> [STORED DATA]

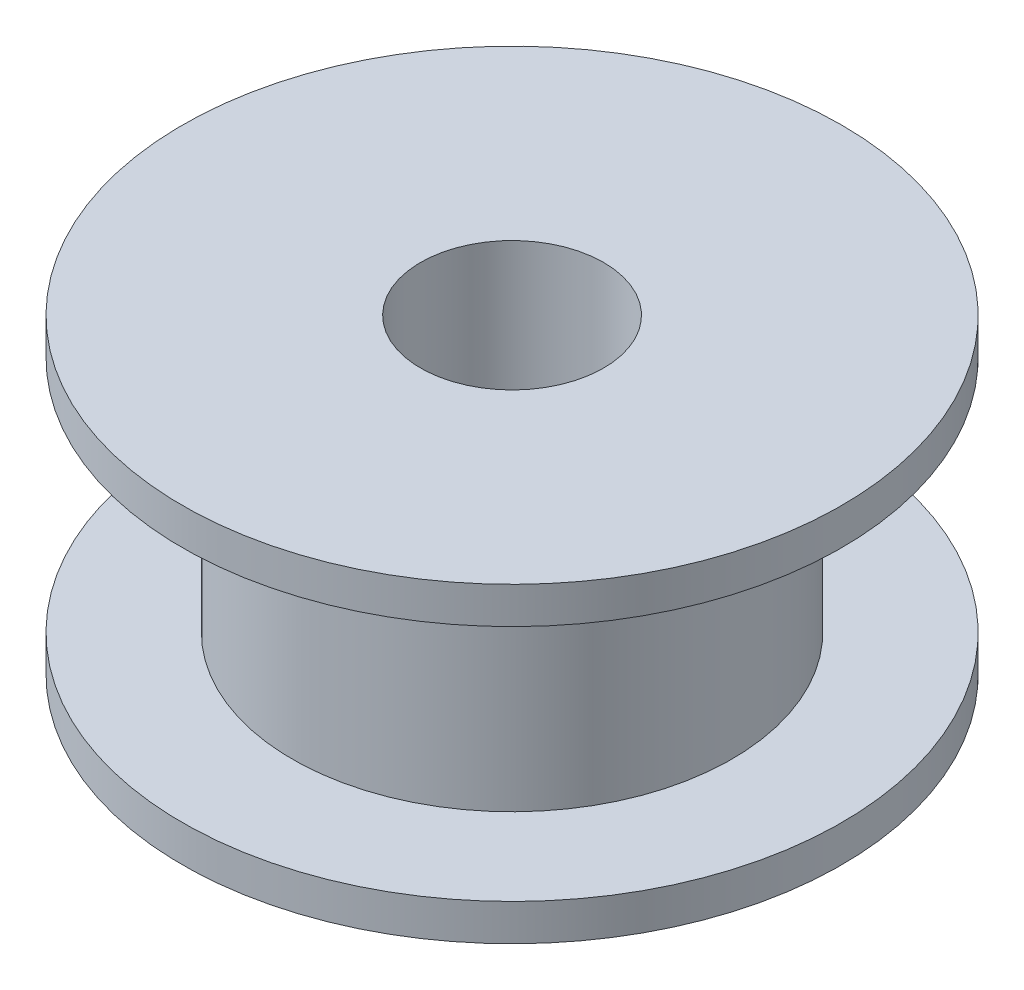
ISO-10303-21;
HEADER;
FILE_DESCRIPTION(('STEP AP214'),'2;1');
FILE_NAME('part.step','',(''),(''),'','','');
FILE_SCHEMA(('AUTOMOTIVE_DESIGN { 1 0 10303 214 1 1 1 1 }'));
ENDSEC;
DATA;
#1=APPLICATION_CONTEXT('core data for automotive mechanical design processes');
#2=APPLICATION_PROTOCOL_DEFINITION('international standard','automotive_design',2000,#1);
#3=PRODUCT_CONTEXT('',#1,'mechanical');
#4=PRODUCT('Part','Part','',(#3));
#5=PRODUCT_RELATED_PRODUCT_CATEGORY('part','',(#4));
#6=PRODUCT_DEFINITION_FORMATION('','',#4);
#7=PRODUCT_DEFINITION_CONTEXT('part definition',#1,'design');
#8=PRODUCT_DEFINITION('design','',#6,#7);
#9=PRODUCT_DEFINITION_SHAPE('','',#8);
#10=(LENGTH_UNIT() NAMED_UNIT(*) SI_UNIT(.MILLI.,.METRE.));
#11=(NAMED_UNIT(*) PLANE_ANGLE_UNIT() SI_UNIT($,.RADIAN.));
#12=(NAMED_UNIT(*) SI_UNIT($,.STERADIAN.) SOLID_ANGLE_UNIT());
#13=UNCERTAINTY_MEASURE_WITH_UNIT(LENGTH_MEASURE(1.E-05),#10,'distance_accuracy_value','');
#14=(GEOMETRIC_REPRESENTATION_CONTEXT(3) GLOBAL_UNCERTAINTY_ASSIGNED_CONTEXT((#13)) GLOBAL_UNIT_ASSIGNED_CONTEXT((#10,
#11,#12)) REPRESENTATION_CONTEXT('',''));
#15=CARTESIAN_POINT('',(0.,0.,0.));
#16=DIRECTION('',(0.,0.,1.));
#17=DIRECTION('',(1.,0.,0.));
#18=AXIS2_PLACEMENT_3D('',#15,#16,#17);
#19=CARTESIAN_POINT('',(0.,0.,0.));
#20=DIRECTION('',(0.,-1.,0.));
#21=DIRECTION('',(0.,0.,-1.));
#22=AXIS2_PLACEMENT_3D('',#19,#20,#21);
#23=CYLINDRICAL_SURFACE('',#22,2.5);
#24=CARTESIAN_POINT('',(0.,8.5,0.));
#25=DIRECTION('',(0.,-1.,0.));
#26=DIRECTION('',(0.,0.,-1.));
#27=AXIS2_PLACEMENT_3D('',#24,#25,#26);
#28=CIRCLE('',#27,2.5);
#29=CARTESIAN_POINT('',(0.,8.5,-2.5));
#30=VERTEX_POINT('',#29);
#31=EDGE_CURVE('E10',#30,#30,#28,.T.);
#32=ORIENTED_EDGE('',*,*,#31,.F.);
#33=EDGE_LOOP('',(#32));
#34=FACE_BOUND('',#33,.T.);
#35=CARTESIAN_POINT('',(0.,0.,0.));
#36=DIRECTION('',(0.,-1.,0.));
#37=DIRECTION('',(0.,0.,-1.));
#38=AXIS2_PLACEMENT_3D('',#35,#36,#37);
#39=CIRCLE('',#38,2.5);
#40=CARTESIAN_POINT('',(0.,0.,-2.5));
#41=VERTEX_POINT('',#40);
#42=EDGE_CURVE('E65',#41,#41,#39,.T.);
#43=ORIENTED_EDGE('',*,*,#42,.T.);
#44=EDGE_LOOP('',(#43));
#45=FACE_BOUND('',#44,.T.);
#46=ADVANCED_FACE('F37',(#34,#45),#23,.F.);
#47=CARTESIAN_POINT('',(-6.,8.5,0.));
#48=DIRECTION('',(0.,-1.,0.));
#49=DIRECTION('',(0.,0.,-1.));
#50=AXIS2_PLACEMENT_3D('',#47,#48,#49);
#51=PLANE('',#50);
#52=CARTESIAN_POINT('',(0.,8.5,0.));
#53=DIRECTION('',(0.,-1.,0.));
#54=DIRECTION('',(0.,0.,-1.));
#55=AXIS2_PLACEMENT_3D('',#52,#53,#54);
#56=CIRCLE('',#55,9.);
#57=CARTESIAN_POINT('',(0.,8.5,-9.));
#58=VERTEX_POINT('',#57);
#59=EDGE_CURVE('E43',#58,#58,#56,.T.);
#60=ORIENTED_EDGE('',*,*,#59,.F.);
#61=EDGE_LOOP('',(#60));
#62=FACE_BOUND('',#61,.T.);
#63=ORIENTED_EDGE('',*,*,#31,.T.);
#64=EDGE_LOOP('',(#63));
#65=FACE_BOUND('',#64,.T.);
#66=ADVANCED_FACE('F102',(#62,#65),#51,.F.);
#67=CARTESIAN_POINT('',(0.,0.,0.));
#68=DIRECTION('',(0.,-1.,0.));
#69=DIRECTION('',(0.,0.,-1.));
#70=AXIS2_PLACEMENT_3D('',#67,#68,#69);
#71=CYLINDRICAL_SURFACE('',#70,9.);
#72=CARTESIAN_POINT('',(0.,7.5,0.));
#73=DIRECTION('',(0.,-1.,0.));
#74=DIRECTION('',(0.,0.,-1.));
#75=AXIS2_PLACEMENT_3D('',#72,#73,#74);
#76=CIRCLE('',#75,9.);
#77=CARTESIAN_POINT('',(0.,7.5,-9.));
#78=VERTEX_POINT('',#77);
#79=EDGE_CURVE('E47',#78,#78,#76,.T.);
#80=ORIENTED_EDGE('',*,*,#79,.F.);
#81=EDGE_LOOP('',(#80));
#82=FACE_BOUND('',#81,.T.);
#83=ORIENTED_EDGE('',*,*,#59,.T.);
#84=EDGE_LOOP('',(#83));
#85=FACE_BOUND('',#84,.T.);
#86=ADVANCED_FACE('F97',(#82,#85),#71,.T.);
#87=CARTESIAN_POINT('',(-6.,7.5,0.));
#88=DIRECTION('',(0.,1.,0.));
#89=DIRECTION('',(0.,0.,1.));
#90=AXIS2_PLACEMENT_3D('',#87,#88,#89);
#91=PLANE('',#90);
#92=CARTESIAN_POINT('',(0.,7.5,0.));
#93=DIRECTION('',(0.,-1.,0.));
#94=DIRECTION('',(0.,0.,-1.));
#95=AXIS2_PLACEMENT_3D('',#92,#93,#94);
#96=CIRCLE('',#95,6.);
#97=CARTESIAN_POINT('',(0.,7.5,-6.));
#98=VERTEX_POINT('',#97);
#99=EDGE_CURVE('E51',#98,#98,#96,.T.);
#100=ORIENTED_EDGE('',*,*,#99,.F.);
#101=EDGE_LOOP('',(#100));
#102=FACE_BOUND('',#101,.T.);
#103=ORIENTED_EDGE('',*,*,#79,.T.);
#104=EDGE_LOOP('',(#103));
#105=FACE_BOUND('',#104,.T.);
#106=ADVANCED_FACE('F91',(#102,#105),#91,.F.);
#107=CARTESIAN_POINT('',(0.,0.,0.));
#108=DIRECTION('',(0.,-1.,0.));
#109=DIRECTION('',(0.,0.,-1.));
#110=AXIS2_PLACEMENT_3D('',#107,#108,#109);
#111=CYLINDRICAL_SURFACE('',#110,6.);
#112=CARTESIAN_POINT('',(0.,1.,0.));
#113=DIRECTION('',(0.,-1.,0.));
#114=DIRECTION('',(0.,0.,-1.));
#115=AXIS2_PLACEMENT_3D('',#112,#113,#114);
#116=CIRCLE('',#115,6.);
#117=CARTESIAN_POINT('',(0.,1.,-6.));
#118=VERTEX_POINT('',#117);
#119=EDGE_CURVE('E56',#118,#118,#116,.T.);
#120=ORIENTED_EDGE('',*,*,#119,.F.);
#121=EDGE_LOOP('',(#120));
#122=FACE_BOUND('',#121,.T.);
#123=ORIENTED_EDGE('',*,*,#99,.T.);
#124=EDGE_LOOP('',(#123));
#125=FACE_BOUND('',#124,.T.);
#126=ADVANCED_FACE('F85',(#122,#125),#111,.T.);
#127=CARTESIAN_POINT('',(-6.,1.,0.));
#128=DIRECTION('',(0.,-1.,0.));
#129=DIRECTION('',(0.,0.,-1.));
#130=AXIS2_PLACEMENT_3D('',#127,#128,#129);
#131=PLANE('',#130);
#132=CARTESIAN_POINT('',(0.,1.,0.));
#133=DIRECTION('',(0.,-1.,0.));
#134=DIRECTION('',(0.,0.,-1.));
#135=AXIS2_PLACEMENT_3D('',#132,#133,#134);
#136=CIRCLE('',#135,9.);
#137=CARTESIAN_POINT('',(0.,1.,-9.));
#138=VERTEX_POINT('',#137);
#139=EDGE_CURVE('E59',#138,#138,#136,.T.);
#140=ORIENTED_EDGE('',*,*,#139,.F.);
#141=EDGE_LOOP('',(#140));
#142=FACE_BOUND('',#141,.T.);
#143=ORIENTED_EDGE('',*,*,#119,.T.);
#144=EDGE_LOOP('',(#143));
#145=FACE_BOUND('',#144,.T.);
#146=ADVANCED_FACE('F79',(#142,#145),#131,.F.);
#147=CARTESIAN_POINT('',(0.,0.,0.));
#148=DIRECTION('',(0.,-1.,0.));
#149=DIRECTION('',(0.,0.,-1.));
#150=AXIS2_PLACEMENT_3D('',#147,#148,#149);
#151=CYLINDRICAL_SURFACE('',#150,9.);
#152=CARTESIAN_POINT('',(0.,0.,0.));
#153=DIRECTION('',(0.,-1.,0.));
#154=DIRECTION('',(0.,0.,-1.));
#155=AXIS2_PLACEMENT_3D('',#152,#153,#154);
#156=CIRCLE('',#155,9.);
#157=CARTESIAN_POINT('',(0.,0.,-9.));
#158=VERTEX_POINT('',#157);
#159=EDGE_CURVE('E62',#158,#158,#156,.T.);
#160=ORIENTED_EDGE('',*,*,#159,.F.);
#161=EDGE_LOOP('',(#160));
#162=FACE_BOUND('',#161,.T.);
#163=ORIENTED_EDGE('',*,*,#139,.T.);
#164=EDGE_LOOP('',(#163));
#165=FACE_BOUND('',#164,.T.);
#166=ADVANCED_FACE('F73',(#162,#165),#151,.T.);
#167=CARTESIAN_POINT('',(-2.5,0.,0.));
#168=DIRECTION('',(0.,1.,0.));
#169=DIRECTION('',(0.,0.,1.));
#170=AXIS2_PLACEMENT_3D('',#167,#168,#169);
#171=PLANE('',#170);
#172=ORIENTED_EDGE('',*,*,#42,.F.);
#173=EDGE_LOOP('',(#172));
#174=FACE_BOUND('',#173,.T.);
#175=ORIENTED_EDGE('',*,*,#159,.T.);
#176=EDGE_LOOP('',(#175));
#177=FACE_BOUND('',#176,.T.);
#178=ADVANCED_FACE('F70',(#174,#177),#171,.F.);
#179=CLOSED_SHELL('',(#46,#66,#86,#106,#126,#146,#166,#178));
#180=MANIFOLD_SOLID_BREP('B2',#179);
#181=ADVANCED_BREP_SHAPE_REPRESENTATION('',(#18,#180),#14);
#182=SHAPE_DEFINITION_REPRESENTATION(#9,#181);
ENDSEC;
END-ISO-10303-21;

> [WHAT TO PRODUCE]
With the line holding "#142=FACE_BOUND('',#141,.T.);" as the first and the line holding "#172=ORIENTED_EDGE('',*,*,#42,.F.);" as the last, please transcribe exactly the lines of the material above in that range and nothing else.

> [SOLUTION]
#142=FACE_BOUND('',#141,.T.);
#143=ORIENTED_EDGE('',*,*,#119,.T.);
#144=EDGE_LOOP('',(#143));
#145=FACE_BOUND('',#144,.T.);
#146=ADVANCED_FACE('F79',(#142,#145),#131,.F.);
#147=CARTESIAN_POINT('',(0.,0.,0.));
#148=DIRECTION('',(0.,-1.,0.));
#149=DIRECTION('',(0.,0.,-1.));
#150=AXIS2_PLACEMENT_3D('',#147,#148,#149);
#151=CYLINDRICAL_SURFACE('',#150,9.);
#152=CARTESIAN_POINT('',(0.,0.,0.));
#153=DIRECTION('',(0.,-1.,0.));
#154=DIRECTION('',(0.,0.,-1.));
#155=AXIS2_PLACEMENT_3D('',#152,#153,#154);
#156=CIRCLE('',#155,9.);
#157=CARTESIAN_POINT('',(0.,0.,-9.));
#158=VERTEX_POINT('',#157);
#159=EDGE_CURVE('E62',#158,#158,#156,.T.);
#160=ORIENTED_EDGE('',*,*,#159,.F.);
#161=EDGE_LOOP('',(#160));
#162=FACE_BOUND('',#161,.T.);
#163=ORIENTED_EDGE('',*,*,#139,.T.);
#164=EDGE_LOOP('',(#163));
#165=FACE_BOUND('',#164,.T.);
#166=ADVANCED_FACE('F73',(#162,#165),#151,.T.);
#167=CARTESIAN_POINT('',(-2.5,0.,0.));
#168=DIRECTION('',(0.,1.,0.));
#169=DIRECTION('',(0.,0.,1.));
#170=AXIS2_PLACEMENT_3D('',#167,#168,#169);
#171=PLANE('',#170);
#172=ORIENTED_EDGE('',*,*,#42,.F.);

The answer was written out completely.